* **What is needed**
Exclude all pictures, then copy each of the records exactly as written.

--- START ---

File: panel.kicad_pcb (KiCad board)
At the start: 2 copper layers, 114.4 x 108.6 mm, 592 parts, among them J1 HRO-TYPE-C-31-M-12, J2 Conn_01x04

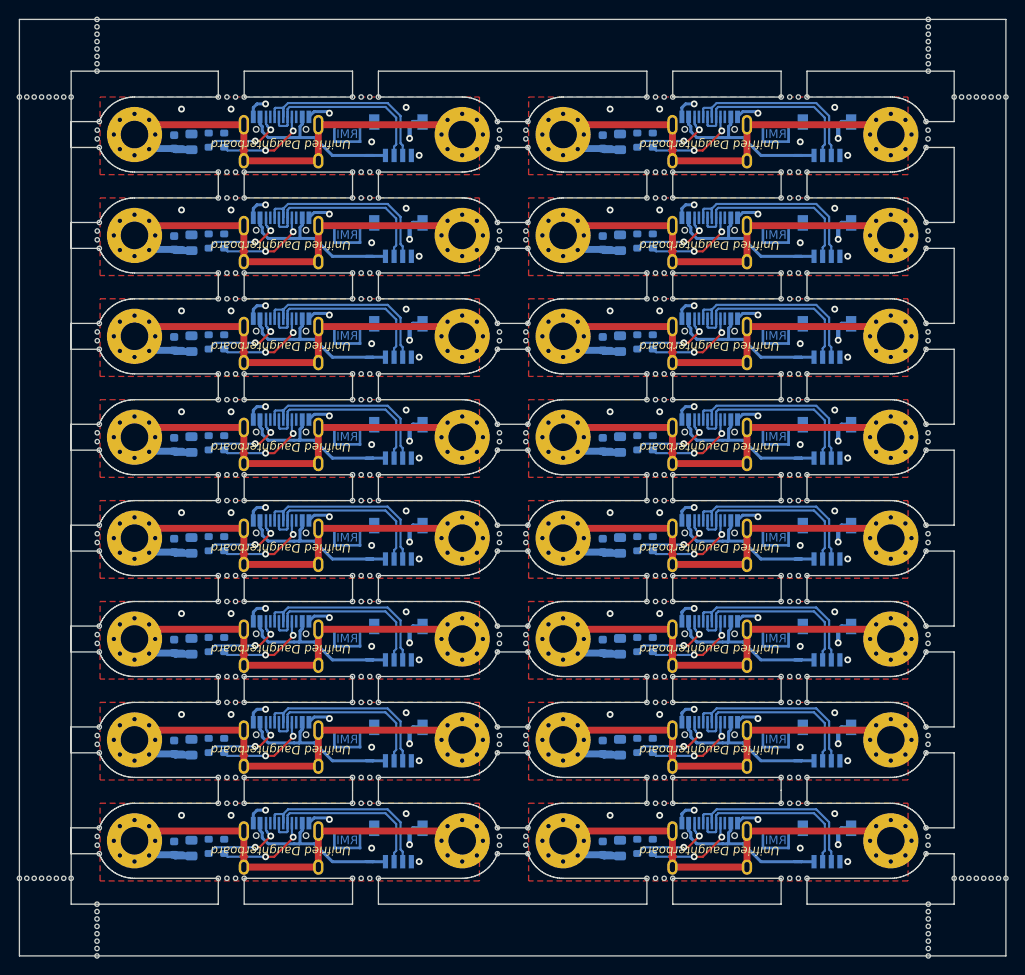
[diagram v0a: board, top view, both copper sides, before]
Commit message: Update fill in panel
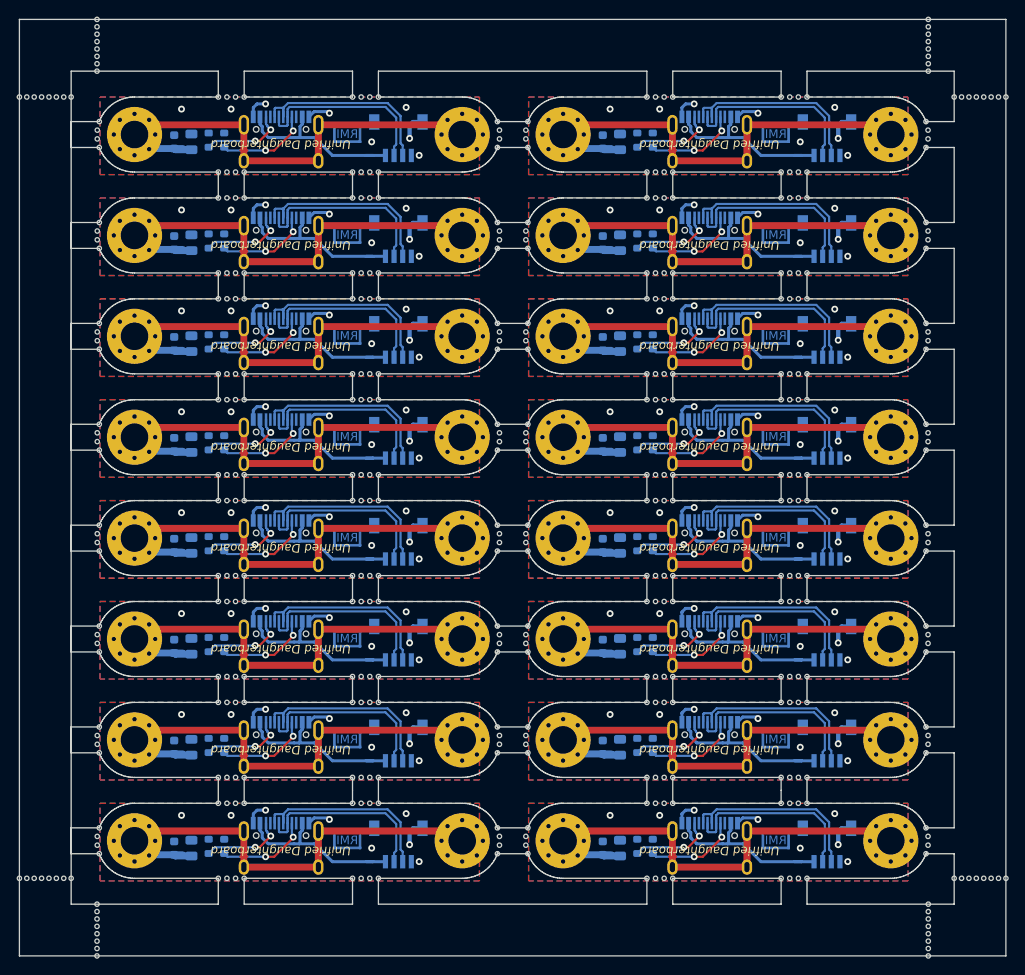
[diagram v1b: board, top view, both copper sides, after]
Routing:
- added copper zone on B.Cu, net Board_0-GND
- added copper zone on B.Cu, net Board_1-GND
- added copper zone on B.Cu, net Board_10-GND
- added copper zone on B.Cu, net Board_11-GND
- added copper zone on B.Cu, net Board_12-GND
- added copper zone on B.Cu, net Board_13-GND
- added copper zone on B.Cu, net Board_14-GND
- added copper zone on B.Cu, net Board_15-GND
- added copper zone on B.Cu, net Board_2-GND
- added copper zone on B.Cu, net Board_3-GND
- added copper zone on B.Cu, net Board_4-GND
- added copper zone on B.Cu, net Board_5-GND
- added copper zone on B.Cu, net Board_6-GND
- added copper zone on B.Cu, net Board_7-GND
- added copper zone on B.Cu, net Board_8-GND
- added copper zone on B.Cu, net Board_9-GND

--- END ---

* **Output for this exercise**
File: panel.kicad_pcb (KiCad board)
At the start: 2 copper layers, 114.4 x 108.6 mm, 592 parts, among them J1 HRO-TYPE-C-31-M-12, J2 Conn_01x04

[diagram v0a: board, top view, both copper sides, before]
Commit message: Update fill in panel
[diagram v1b: board, top view, both copper sides, after]
Routing:
- added copper zone on B.Cu, net Board_0-GND
- added copper zone on B.Cu, net Board_1-GND
- added copper zone on B.Cu, net Board_10-GND
- added copper zone on B.Cu, net Board_11-GND
- added copper zone on B.Cu, net Board_12-GND
- added copper zone on B.Cu, net Board_13-GND
- added copper zone on B.Cu, net Board_14-GND
- added copper zone on B.Cu, net Board_15-GND
- added copper zone on B.Cu, net Board_2-GND
- added copper zone on B.Cu, net Board_3-GND
- added copper zone on B.Cu, net Board_4-GND
- added copper zone on B.Cu, net Board_5-GND
- added copper zone on B.Cu, net Board_6-GND
- added copper zone on B.Cu, net Board_7-GND
- added copper zone on B.Cu, net Board_8-GND
- added copper zone on B.Cu, net Board_9-GND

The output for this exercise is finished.